# 89 HB wont start



## motocrazy8 (Oct 11, 2006)

have a 89 4x4 HB v6 5sp. ran fine last night. get in this morning no start. i charge the batt all day still no start.. took batt out and took to the parts store to check out, batt is good. terminals are clean. i dont even hear a click when trying to start. all acc work fine.. anyone have any idea what my problem is or know a good place to start troubleshooting.


----------



## dvdswanson (Nov 6, 2005)

did you check the starter also?


----------



## 88pathoffroad (Jun 6, 2004)

Starter's either gone out on you or the solenoid wiring is wonky.


----------



## dvdswanson (Nov 6, 2005)

88pathoffroad said:


> Starter's either gone out on you or the solenoid wiring is wonky.



what's wonky?


----------



## classicgti-r (Aug 6, 2005)

my 94 does that once in a while too...Check the relay mine is a 4 cyl and the relay is on the pass. side at the top almost in the corner of the engine bay.
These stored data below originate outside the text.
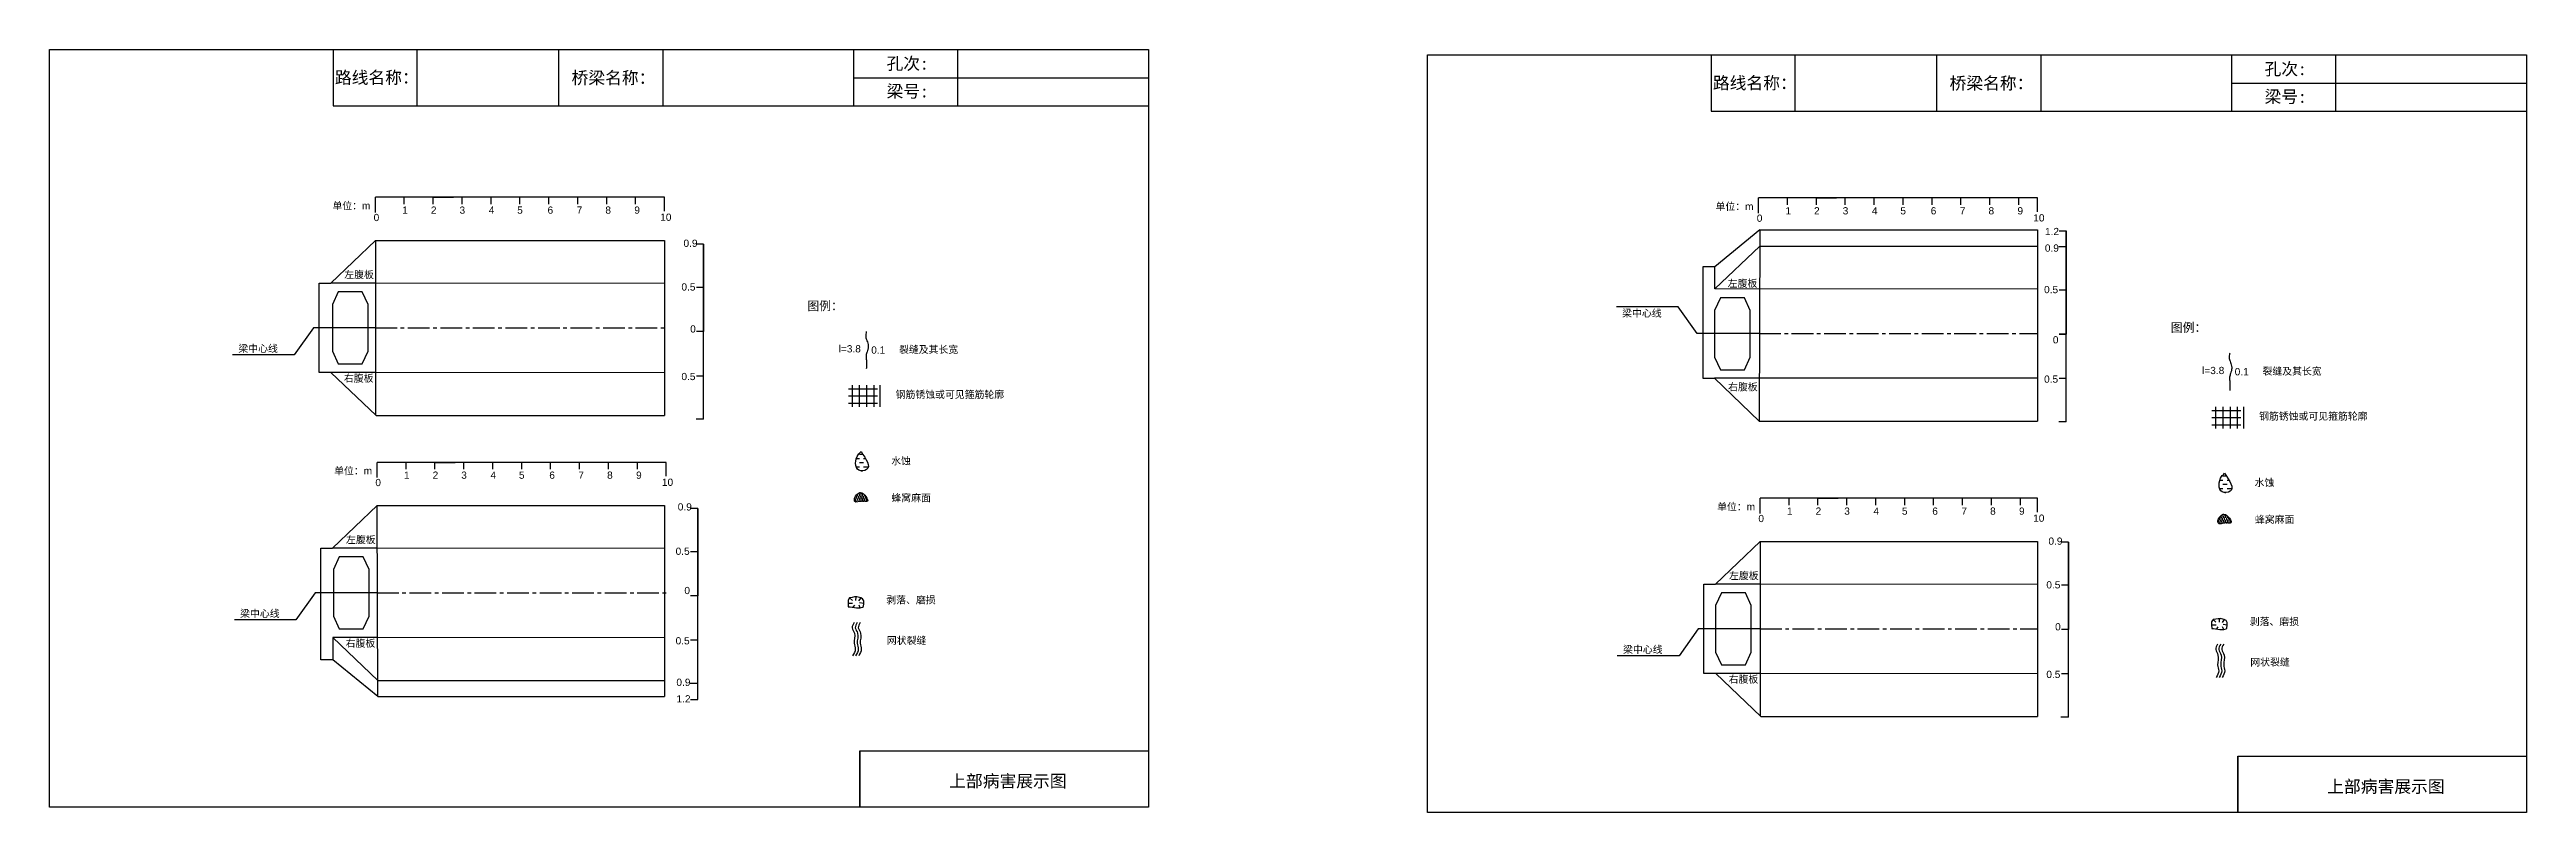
# Model space of a CAD drawing. Header units: millimetres. Extents: x 3557 to 3693, y 1361 to 1388.
# Drawn here: x 3557.3 to 3643, y 1361.5 to 1387.9 of the extents above; entities that cross this region are included whole.
import ezdxf

# ---------------------------------------------------------------- set-up
doc = ezdxf.new("R2010")
doc.units = ezdxf.units.MM
doc.linetypes.add('CENTER2', pattern=[1.125, 0.75, -0.125, 0.125, -0.125])
doc.linetypes.add('DASHED', pattern=[0.75, 0.5, -0.25])
for name, color, linetype in [('加固措施', 7, 'Continuous'), ('图层1', 7, 'Continuous'), ('病害', 5, 'Continuous')]:
    doc.layers.add(name, color=color, linetype=linetype)
doc.styles.get("Standard").update_dxf_attribs({"font": 'arial.ttf'})
doc.styles.add('汉字', font='')
doc.styles.get('汉字').set_extended_font_data('SimSun')

# ---------------------------------------------------------------- blocks, each defined once
blk = doc.blocks.new('adfsd')
at = {"lineweight": -2, "ltscale": 0.5}
for p, q in [((1140.876, -3083.768), (1140.94, -3083.769)), ((1140.897, -3083.694), (1140.936, -3083.729)), ((1140.983, -3083.682), (1140.981, -3083.729)), ((1141.053, -3083.694), (1141.022, -3083.735)), ((1141.094, -3083.772), (1141.036, -3083.763)), ((1140.948, -3083.824), (1140.969, -3083.796)), ((1141.045, -3083.83), (1141.028, -3083.796))]:
    blk.add_line(p, q, dxfattribs=at)
blk.add_lwpolyline([(1141, -3083.682), (1140.967, -3083.682), (1140.934, -3083.69), (1140.897, -3083.694), (1140.876, -3083.727), (1140.876, -3083.768), (1140.88, -3083.818), (1140.905, -3083.818), (1140.991, -3083.83), (1141.045, -3083.83), (1141.078, -3083.822), (1141.09, -3083.814), (1141.094, -3083.772), (1141.094, -3083.735), (1141.078, -3083.707), (1141.053, -3083.694), (1141.033, -3083.69), (1141, -3083.678)], dxfattribs=at)

msp = doc.modelspace()

# ---------------------------------------------------------------- hatches: boundary and pattern name
at = {"layer": '加固措施', "lineweight": -2}
h = msp.add_hatch(dxfattribs=at)
h.set_pattern_fill('DASH', color=256, scale=0.045)
h.set_pattern_definition([(0, (3313.44314, 1355.73043), (0.142875, 0.142875), [0.142875, -0.142875])])
edge = h.paths.add_edge_path()
edge.add_spline(control_points=[(3585.391, 1373.968), (3585.355, 1373.936), (3585.188, 1373.788), (3585.144, 1373.251), (3585.814, 1373.346), (3585.566, 1373.71), (3585.391, 1373.968)], knot_values=[0, 0, 0, 0, 3.237042, 15.187225, 21.182779, 35.601669, 35.601669, 35.601669, 35.601669], degree=3, periodic=0)
h = msp.add_hatch(dxfattribs=at)
h.set_pattern_fill('DASH', color=256, scale=0.045)
h.set_pattern_definition([(0, (3360.59098, 1354.98046), (0.142875, 0.142875), [0.142875, -0.142875])])
edge = h.paths.add_edge_path()
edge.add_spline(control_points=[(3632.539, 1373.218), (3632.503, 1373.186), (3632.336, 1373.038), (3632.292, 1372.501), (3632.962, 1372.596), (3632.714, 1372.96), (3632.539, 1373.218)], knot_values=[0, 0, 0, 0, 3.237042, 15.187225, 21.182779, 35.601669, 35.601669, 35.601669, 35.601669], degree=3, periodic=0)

I have three relays there all blue.. Smack them around a little bit that's what I do..Gets mine goin


----------



## veesix (Jul 18, 2004)

You can smack them around if you want, or you can carefully tap on them, with the plastic handle of a screw driver. It has been awhile since I checked, but the relays might be labeled.


----------



## SPEEDO (Jun 9, 2003)

yep! there is a blue double (2 plug in's) relay, kind of common (I keep a spare) if it clicks when you try to start it, have someone hold the key in the start position and tap on the relay... it should fire right up. I think that relay runs about $15


----------